(Stored data)
━━━━

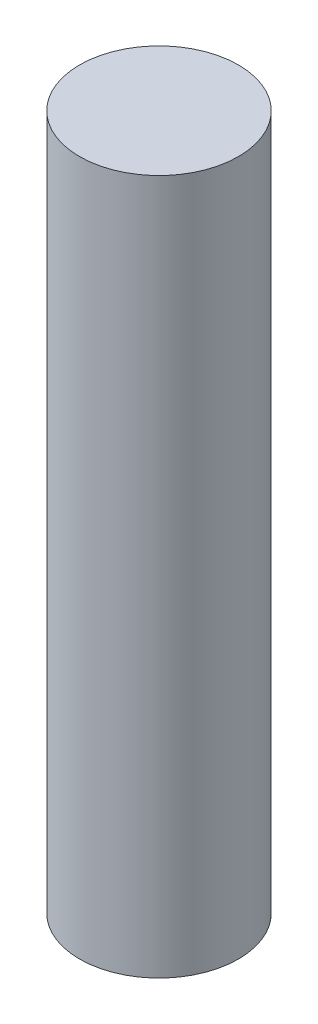
ISO-10303-21;
HEADER;
FILE_DESCRIPTION(('STEP AP214'),'2;1');
FILE_NAME('part.step','',(''),(''),'','','');
FILE_SCHEMA(('AUTOMOTIVE_DESIGN { 1 0 10303 214 1 1 1 1 }'));
ENDSEC;
DATA;
#1=APPLICATION_CONTEXT('core data for automotive mechanical design processes');
#2=APPLICATION_PROTOCOL_DEFINITION('international standard','automotive_design',2000,#1);
#3=PRODUCT_CONTEXT('',#1,'mechanical');
#4=PRODUCT('Part','Part','',(#3));
#5=PRODUCT_RELATED_PRODUCT_CATEGORY('part','',(#4));
#6=PRODUCT_DEFINITION_FORMATION('','',#4);
#7=PRODUCT_DEFINITION_CONTEXT('part definition',#1,'design');
#8=PRODUCT_DEFINITION('design','',#6,#7);
#9=PRODUCT_DEFINITION_SHAPE('','',#8);
#10=(LENGTH_UNIT() NAMED_UNIT(*) SI_UNIT(.MILLI.,.METRE.));
#11=(NAMED_UNIT(*) PLANE_ANGLE_UNIT() SI_UNIT($,.RADIAN.));
#12=(NAMED_UNIT(*) SI_UNIT($,.STERADIAN.) SOLID_ANGLE_UNIT());
#13=UNCERTAINTY_MEASURE_WITH_UNIT(LENGTH_MEASURE(1.E-05),#10,'distance_accuracy_value','');
#14=(GEOMETRIC_REPRESENTATION_CONTEXT(3) GLOBAL_UNCERTAINTY_ASSIGNED_CONTEXT((#13)) GLOBAL_UNIT_ASSIGNED_CONTEXT((#10,
#11,#12)) REPRESENTATION_CONTEXT('',''));
#15=CARTESIAN_POINT('',(0.,0.,0.));
#16=DIRECTION('',(0.,0.,1.));
#17=DIRECTION('',(1.,0.,0.));
#18=AXIS2_PLACEMENT_3D('',#15,#16,#17);
#19=CARTESIAN_POINT('',(0.,889.,0.));
#20=DIRECTION('',(0.,-1.,0.));
#21=DIRECTION('',(0.,0.,-1.));
#22=AXIS2_PLACEMENT_3D('',#19,#20,#21);
#23=CYLINDRICAL_SURFACE('',#22,101.6);
#24=CARTESIAN_POINT('',(0.,889.,0.));
#25=DIRECTION('',(0.,1.,0.));
#26=DIRECTION('',(0.,0.,1.));
#27=AXIS2_PLACEMENT_3D('',#24,#25,#26);
#28=CIRCLE('',#27,101.6);
#29=CARTESIAN_POINT('',(0.,889.,101.6));
#30=VERTEX_POINT('',#29);
#31=EDGE_CURVE('E10',#30,#30,#28,.T.);
#32=ORIENTED_EDGE('',*,*,#31,.F.);
#33=EDGE_LOOP('',(#32));
#34=FACE_BOUND('',#33,.T.);
#35=CARTESIAN_POINT('',(0.,0.,0.));
#36=DIRECTION('',(0.,1.,0.));
#37=DIRECTION('',(0.,0.,1.));
#38=AXIS2_PLACEMENT_3D('',#35,#36,#37);
#39=CIRCLE('',#38,101.6);
#40=CARTESIAN_POINT('',(0.,0.,101.6));
#41=VERTEX_POINT('',#40);
#42=EDGE_CURVE('E34',#41,#41,#39,.T.);
#43=ORIENTED_EDGE('',*,*,#42,.T.);
#44=EDGE_LOOP('',(#43));
#45=FACE_BOUND('',#44,.T.);
#46=ADVANCED_FACE('F31',(#34,#45),#23,.T.);
#47=CARTESIAN_POINT('',(0.,889.,0.));
#48=DIRECTION('',(0.,1.,0.));
#49=DIRECTION('',(0.,0.,1.));
#50=AXIS2_PLACEMENT_3D('',#47,#48,#49);
#51=PLANE('',#50);
#52=ORIENTED_EDGE('',*,*,#31,.T.);
#53=EDGE_LOOP('',(#52));
#54=FACE_BOUND('',#53,.T.);
#55=ADVANCED_FACE('F46',(#54),#51,.T.);
#56=CARTESIAN_POINT('',(0.,0.,0.));
#57=DIRECTION('',(0.,1.,0.));
#58=DIRECTION('',(0.,0.,1.));
#59=AXIS2_PLACEMENT_3D('',#56,#57,#58);
#60=PLANE('',#59);
#61=ORIENTED_EDGE('',*,*,#42,.F.);
#62=EDGE_LOOP('',(#61));
#63=FACE_BOUND('',#62,.T.);
#64=ADVANCED_FACE('F44',(#63),#60,.F.);
#65=CLOSED_SHELL('',(#46,#55,#64));
#66=MANIFOLD_SOLID_BREP('B2',#65);
#67=ADVANCED_BREP_SHAPE_REPRESENTATION('',(#18,#66),#14);
#68=SHAPE_DEFINITION_REPRESENTATION(#9,#67);
ENDSEC;
END-ISO-10303-21;
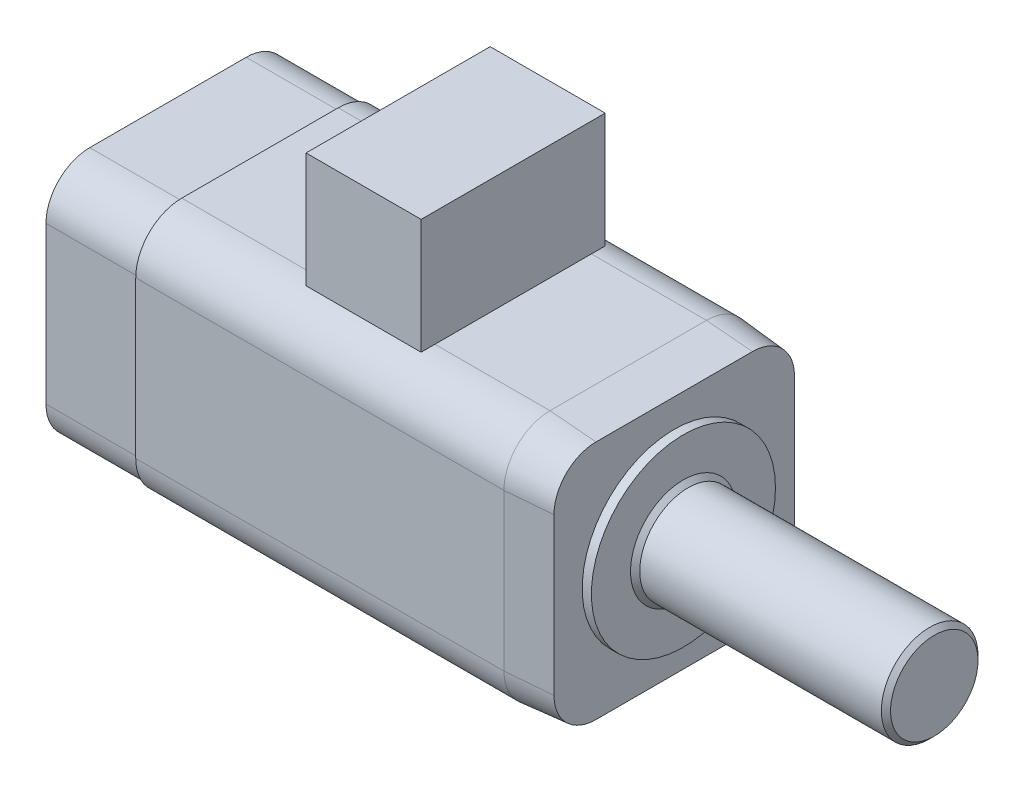
ISO-10303-21;
HEADER;
FILE_DESCRIPTION(('STEP AP214'),'2;1');
FILE_NAME('part.step','',(''),(''),'','','');
FILE_SCHEMA(('AUTOMOTIVE_DESIGN { 1 0 10303 214 1 1 1 1 }'));
ENDSEC;
DATA;
#1=APPLICATION_CONTEXT('core data for automotive mechanical design processes');
#2=APPLICATION_PROTOCOL_DEFINITION('international standard','automotive_design',2000,#1);
#3=PRODUCT_CONTEXT('',#1,'mechanical');
#4=PRODUCT('Part','Part','',(#3));
#5=PRODUCT_RELATED_PRODUCT_CATEGORY('part','',(#4));
#6=PRODUCT_DEFINITION_FORMATION('','',#4);
#7=PRODUCT_DEFINITION_CONTEXT('part definition',#1,'design');
#8=PRODUCT_DEFINITION('design','',#6,#7);
#9=PRODUCT_DEFINITION_SHAPE('','',#8);
#10=(LENGTH_UNIT() NAMED_UNIT(*) SI_UNIT(.MILLI.,.METRE.));
#11=(NAMED_UNIT(*) PLANE_ANGLE_UNIT() SI_UNIT($,.RADIAN.));
#12=(NAMED_UNIT(*) SI_UNIT($,.STERADIAN.) SOLID_ANGLE_UNIT());
#13=UNCERTAINTY_MEASURE_WITH_UNIT(LENGTH_MEASURE(1.E-05),#10,'distance_accuracy_value','');
#14=(GEOMETRIC_REPRESENTATION_CONTEXT(3) GLOBAL_UNCERTAINTY_ASSIGNED_CONTEXT((#13)) GLOBAL_UNIT_ASSIGNED_CONTEXT((#10,
#11,#12)) REPRESENTATION_CONTEXT('',''));
#15=CARTESIAN_POINT('',(0.,0.,0.));
#16=DIRECTION('',(0.,0.,1.));
#17=DIRECTION('',(1.,0.,0.));
#18=AXIS2_PLACEMENT_3D('',#15,#16,#17);
#19=CARTESIAN_POINT('',(-160.,34.0000000000001,-34.0000000000001));
#20=DIRECTION('',(-1.,0.,0.));
#21=DIRECTION('',(0.,0.,1.));
#22=AXIS2_PLACEMENT_3D('',#19,#20,#21);
#23=PLANE('',#22);
#24=CARTESIAN_POINT('',(-160.,34.0000000000001,-34.0000000000001));
#25=DIRECTION('',(-1.,0.,0.));
#26=DIRECTION('',(0.,0.,1.));
#27=AXIS2_PLACEMENT_3D('',#24,#25,#26);
#28=CIRCLE('',#27,20.);
#29=CARTESIAN_POINT('',(-160.,54.0000000000001,-34.0000000000001));
#30=VERTEX_POINT('',#29);
#31=CARTESIAN_POINT('',(-160.,34.0000000000001,-54.0000000000001));
#32=VERTEX_POINT('',#31);
#33=EDGE_CURVE('E269',#30,#32,#28,.T.);
#34=ORIENTED_EDGE('',*,*,#33,.T.);
#35=DIRECTION('',(0.,-1.,0.));
#36=VECTOR('',#35,1.);
#37=CARTESIAN_POINT('',(-160.,34.0000000000001,-54.0000000000001));
#38=LINE('',#37,#36);
#39=CARTESIAN_POINT('',(-160.,-34.0000000000001,-54.0000000000001));
#40=VERTEX_POINT('',#39);
#41=EDGE_CURVE('E272',#32,#40,#38,.T.);
#42=ORIENTED_EDGE('',*,*,#41,.T.);
#43=CARTESIAN_POINT('',(-160.,-34.0000000000001,-34.0000000000001));
#44=DIRECTION('',(-1.,0.,0.));
#45=DIRECTION('',(0.,0.,1.));
#46=AXIS2_PLACEMENT_3D('',#43,#44,#45);
#47=CIRCLE('',#46,19.9999999999999);
#48=CARTESIAN_POINT('',(-160.,-54.0000000000001,-34.0000000000002));
#49=VERTEX_POINT('',#48);
#50=EDGE_CURVE('E274',#40,#49,#47,.T.);
#51=ORIENTED_EDGE('',*,*,#50,.T.);
#52=DIRECTION('',(0.,0.,1.));
#53=VECTOR('',#52,1.);
#54=CARTESIAN_POINT('',(-160.,-54.0000000000001,-34.0000000000002));
#55=LINE('',#54,#53);
#56=CARTESIAN_POINT('',(-160.,-54.0000000000001,34.0000000000001));
#57=VERTEX_POINT('',#56);
#58=EDGE_CURVE('E276',#49,#57,#55,.T.);
#59=ORIENTED_EDGE('',*,*,#58,.T.);
#60=CARTESIAN_POINT('',(-160.,-34.0000000000001,34.0000000000001));
#61=DIRECTION('',(-1.,0.,0.));
#62=DIRECTION('',(0.,0.,1.));
#63=AXIS2_PLACEMENT_3D('',#60,#61,#62);
#64=CIRCLE('',#63,20.);
#65=CARTESIAN_POINT('',(-160.,-34.0000000000001,54.0000000000001));
#66=VERTEX_POINT('',#65);
#67=EDGE_CURVE('E278',#57,#66,#64,.T.);
#68=ORIENTED_EDGE('',*,*,#67,.T.);
#69=DIRECTION('',(0.,1.,0.));
#70=VECTOR('',#69,1.);
#71=CARTESIAN_POINT('',(-160.,-34.0000000000001,54.0000000000001));
#72=LINE('',#71,#70);
#73=CARTESIAN_POINT('',(-160.,34.0000000000001,54.));
#74=VERTEX_POINT('',#73);
#75=EDGE_CURVE('E280',#66,#74,#72,.T.);
#76=ORIENTED_EDGE('',*,*,#75,.T.);
#77=CARTESIAN_POINT('',(-160.,34.0000000000001,34.0000000000001));
#78=DIRECTION('',(-1.,0.,0.));
#79=DIRECTION('',(0.,0.,1.));
#80=AXIS2_PLACEMENT_3D('',#77,#78,#79);
#81=CIRCLE('',#80,20.);
#82=CARTESIAN_POINT('',(-160.,54.0000000000001,34.0000000000001));
#83=VERTEX_POINT('',#82);
#84=EDGE_CURVE('E282',#74,#83,#81,.T.);
#85=ORIENTED_EDGE('',*,*,#84,.T.);
#86=DIRECTION('',(0.,0.,-1.));
#87=VECTOR('',#86,1.);
#88=CARTESIAN_POINT('',(-160.,54.0000000000001,34.0000000000001));
#89=LINE('',#88,#87);
#90=EDGE_CURVE('E284',#83,#30,#89,.T.);
#91=ORIENTED_EDGE('',*,*,#90,.T.);
#92=EDGE_LOOP('',(#34,#42,#51,#59,#68,#76,#85,#91));
#93=FACE_BOUND('',#92,.T.);
#94=DIRECTION('',(0.,-1.,0.));
#95=VECTOR('',#94,1.);
#96=CARTESIAN_POINT('',(-160.,34.0000000000001,-53.0000000000001));
#97=LINE('',#96,#95);
#98=CARTESIAN_POINT('',(-160.,34.0000000000001,-53.0000000000001));
#99=VERTEX_POINT('',#98);
#100=CARTESIAN_POINT('',(-160.,-34.0000000000001,-53.0000000000001));
#101=VERTEX_POINT('',#100);
#102=EDGE_CURVE('E751',#99,#101,#97,.T.);
#103=ORIENTED_EDGE('',*,*,#102,.F.);
#104=CARTESIAN_POINT('',(-160.,34.0000000000001,-34.0000000000001));
#105=DIRECTION('',(-1.,0.,0.));
#106=DIRECTION('',(0.,0.,1.));
#107=AXIS2_PLACEMENT_3D('',#104,#105,#106);
#108=CIRCLE('',#107,19.);
#109=CARTESIAN_POINT('',(-160.,53.0000000000001,-34.0000000000001));
#110=VERTEX_POINT('',#109);
#111=EDGE_CURVE('E229',#110,#99,#108,.T.);
#112=ORIENTED_EDGE('',*,*,#111,.F.);
#113=DIRECTION('',(0.,0.,-1.));
#114=VECTOR('',#113,1.);
#115=CARTESIAN_POINT('',(-160.,53.0000000000001,34.0000000000001));
#116=LINE('',#115,#114);
#117=CARTESIAN_POINT('',(-160.,53.0000000000001,34.0000000000001));
#118=VERTEX_POINT('',#117);
#119=EDGE_CURVE('E225',#118,#110,#116,.T.);
#120=ORIENTED_EDGE('',*,*,#119,.F.);
#121=CARTESIAN_POINT('',(-160.,34.0000000000001,34.0000000000001));
#122=DIRECTION('',(-1.,0.,0.));
#123=DIRECTION('',(0.,0.,1.));
#124=AXIS2_PLACEMENT_3D('',#121,#122,#123);
#125=CIRCLE('',#124,19.);
#126=CARTESIAN_POINT('',(-160.,34.0000000000001,53.));
#127=VERTEX_POINT('',#126);
#128=EDGE_CURVE('E747',#127,#118,#125,.T.);
#129=ORIENTED_EDGE('',*,*,#128,.F.);
#130=DIRECTION('',(0.,1.,0.));
#131=VECTOR('',#130,1.);
#132=CARTESIAN_POINT('',(-160.,-34.0000000000001,53.0000000000001));
#133=LINE('',#132,#131);
#134=CARTESIAN_POINT('',(-160.,-34.0000000000001,53.0000000000001));
#135=VERTEX_POINT('',#134);
#136=EDGE_CURVE('E763',#135,#127,#133,.T.);
#137=ORIENTED_EDGE('',*,*,#136,.F.);
#138=CARTESIAN_POINT('',(-160.,-34.0000000000001,34.0000000000001));
#139=DIRECTION('',(-1.,0.,0.));
#140=DIRECTION('',(0.,0.,1.));
#141=AXIS2_PLACEMENT_3D('',#138,#139,#140);
#142=CIRCLE('',#141,19.);
#143=CARTESIAN_POINT('',(-160.,-53.0000000000001,34.0000000000001));
#144=VERTEX_POINT('',#143);
#145=EDGE_CURVE('E761',#144,#135,#142,.T.);
#146=ORIENTED_EDGE('',*,*,#145,.F.);
#147=DIRECTION('',(0.,0.,1.));
#148=VECTOR('',#147,1.);
#149=CARTESIAN_POINT('',(-160.,-53.0000000000001,-34.0000000000001));
#150=LINE('',#149,#148);
#151=CARTESIAN_POINT('',(-160.,-53.0000000000001,-34.0000000000001));
#152=VERTEX_POINT('',#151);
#153=EDGE_CURVE('E759',#152,#144,#150,.T.);
#154=ORIENTED_EDGE('',*,*,#153,.F.);
#155=CARTESIAN_POINT('',(-160.,-34.0000000000001,-34.0000000000001));
#156=DIRECTION('',(-1.,0.,0.));
#157=DIRECTION('',(0.,0.,1.));
#158=AXIS2_PLACEMENT_3D('',#155,#156,#157);
#159=CIRCLE('',#158,18.9999999999999);
#160=EDGE_CURVE('E753',#101,#152,#159,.T.);
#161=ORIENTED_EDGE('',*,*,#160,.F.);
#162=EDGE_LOOP('',(#103,#112,#120,#129,#137,#146,#154,#161));
#163=FACE_BOUND('',#162,.T.);
#164=ADVANCED_FACE('F33',(#93,#163),#23,.T.);
#165=CARTESIAN_POINT('',(-160.,54.0000000000001,34.0000000000001));
#166=DIRECTION('',(0.,-1.,0.));
#167=DIRECTION('',(0.,0.,-1.));
#168=AXIS2_PLACEMENT_3D('',#165,#166,#167);
#169=PLANE('',#168);
#170=DIRECTION('',(0.,0.,1.));
#171=VECTOR('',#170,1.);
#172=CARTESIAN_POINT('',(-100.,54.0000000000001,34.0000000000001));
#173=LINE('',#172,#171);
#174=CARTESIAN_POINT('',(-100.,54.0000000000001,-34.0000000000001));
#175=VERTEX_POINT('',#174);
#176=CARTESIAN_POINT('',(-100.,54.0000000000001,34.0000000000001));
#177=VERTEX_POINT('',#176);
#178=EDGE_CURVE('E11',#175,#177,#173,.T.);
#179=ORIENTED_EDGE('',*,*,#178,.F.);
#180=DIRECTION('',(1.,0.,0.));
#181=VECTOR('',#180,1.);
#182=CARTESIAN_POINT('',(-160.,54.0000000000001,-34.0000000000001));
#183=LINE('',#182,#181);
#184=EDGE_CURVE('E287',#30,#175,#183,.T.);
#185=ORIENTED_EDGE('',*,*,#184,.F.);
#186=ORIENTED_EDGE('',*,*,#90,.F.);
#187=DIRECTION('',(1.,0.,0.));
#188=VECTOR('',#187,1.);
#189=CARTESIAN_POINT('',(-160.,54.0000000000001,34.0000000000001));
#190=LINE('',#189,#188);
#191=EDGE_CURVE('E292',#83,#177,#190,.T.);
#192=ORIENTED_EDGE('',*,*,#191,.T.);
#193=EDGE_LOOP('',(#179,#185,#186,#192));
#194=FACE_BOUND('',#193,.T.);
#195=ADVANCED_FACE('F503',(#194),#169,.F.);
#196=DIRECTION('',(0.,0.,-1.));
#197=VECTOR('',#196,1.);
#198=CARTESIAN_POINT('',(-50.,54.0000000000001,34.0000000000001));
#199=LINE('',#198,#197);
#200=CARTESIAN_POINT('',(-50.,54.0000000000001,34.0000000000001));
#201=VERTEX_POINT('',#200);
#202=CARTESIAN_POINT('',(-50.,54.0000000000001,-34.0000000000001));
#203=VERTEX_POINT('',#202);
#204=EDGE_CURVE('E41',#201,#203,#199,.T.);
#205=ORIENTED_EDGE('',*,*,#204,.F.);
#206=CARTESIAN_POINT('',(0.,54.0000000000001,34.0000000000001));
#207=VERTEX_POINT('',#206);
#208=EDGE_CURVE('E290',#201,#207,#190,.T.);
#209=ORIENTED_EDGE('',*,*,#208,.T.);
#210=DIRECTION('',(0.,0.,1.));
#211=VECTOR('',#210,1.);
#212=CARTESIAN_POINT('',(0.,54.0000000000001,34.0000000000001));
#213=LINE('',#212,#211);
#214=CARTESIAN_POINT('',(0.,54.0000000000001,-34.0000000000001));
#215=VERTEX_POINT('',#214);
#216=EDGE_CURVE('E322',#215,#207,#213,.T.);
#217=ORIENTED_EDGE('',*,*,#216,.F.);
#218=EDGE_CURVE('E286',#203,#215,#183,.T.);
#219=ORIENTED_EDGE('',*,*,#218,.F.);
#220=EDGE_LOOP('',(#205,#209,#217,#219));
#221=FACE_BOUND('',#220,.T.);
#222=ADVANCED_FACE('F411',(#221),#169,.F.);
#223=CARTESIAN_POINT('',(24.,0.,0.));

━━━━

## What to work on:
Would you please repeat exactly the lines above, starting at the line with "#142=CIRCLE('',#141,19.);" and stopping at the line with "#148=VECTOR('',#147,1.);", both included?

## Response:
#142=CIRCLE('',#141,19.);
#143=CARTESIAN_POINT('',(-160.,-53.0000000000001,34.0000000000001));
#144=VERTEX_POINT('',#143);
#145=EDGE_CURVE('E761',#144,#135,#142,.T.);
#146=ORIENTED_EDGE('',*,*,#145,.F.);
#147=DIRECTION('',(0.,0.,1.));
#148=VECTOR('',#147,1.);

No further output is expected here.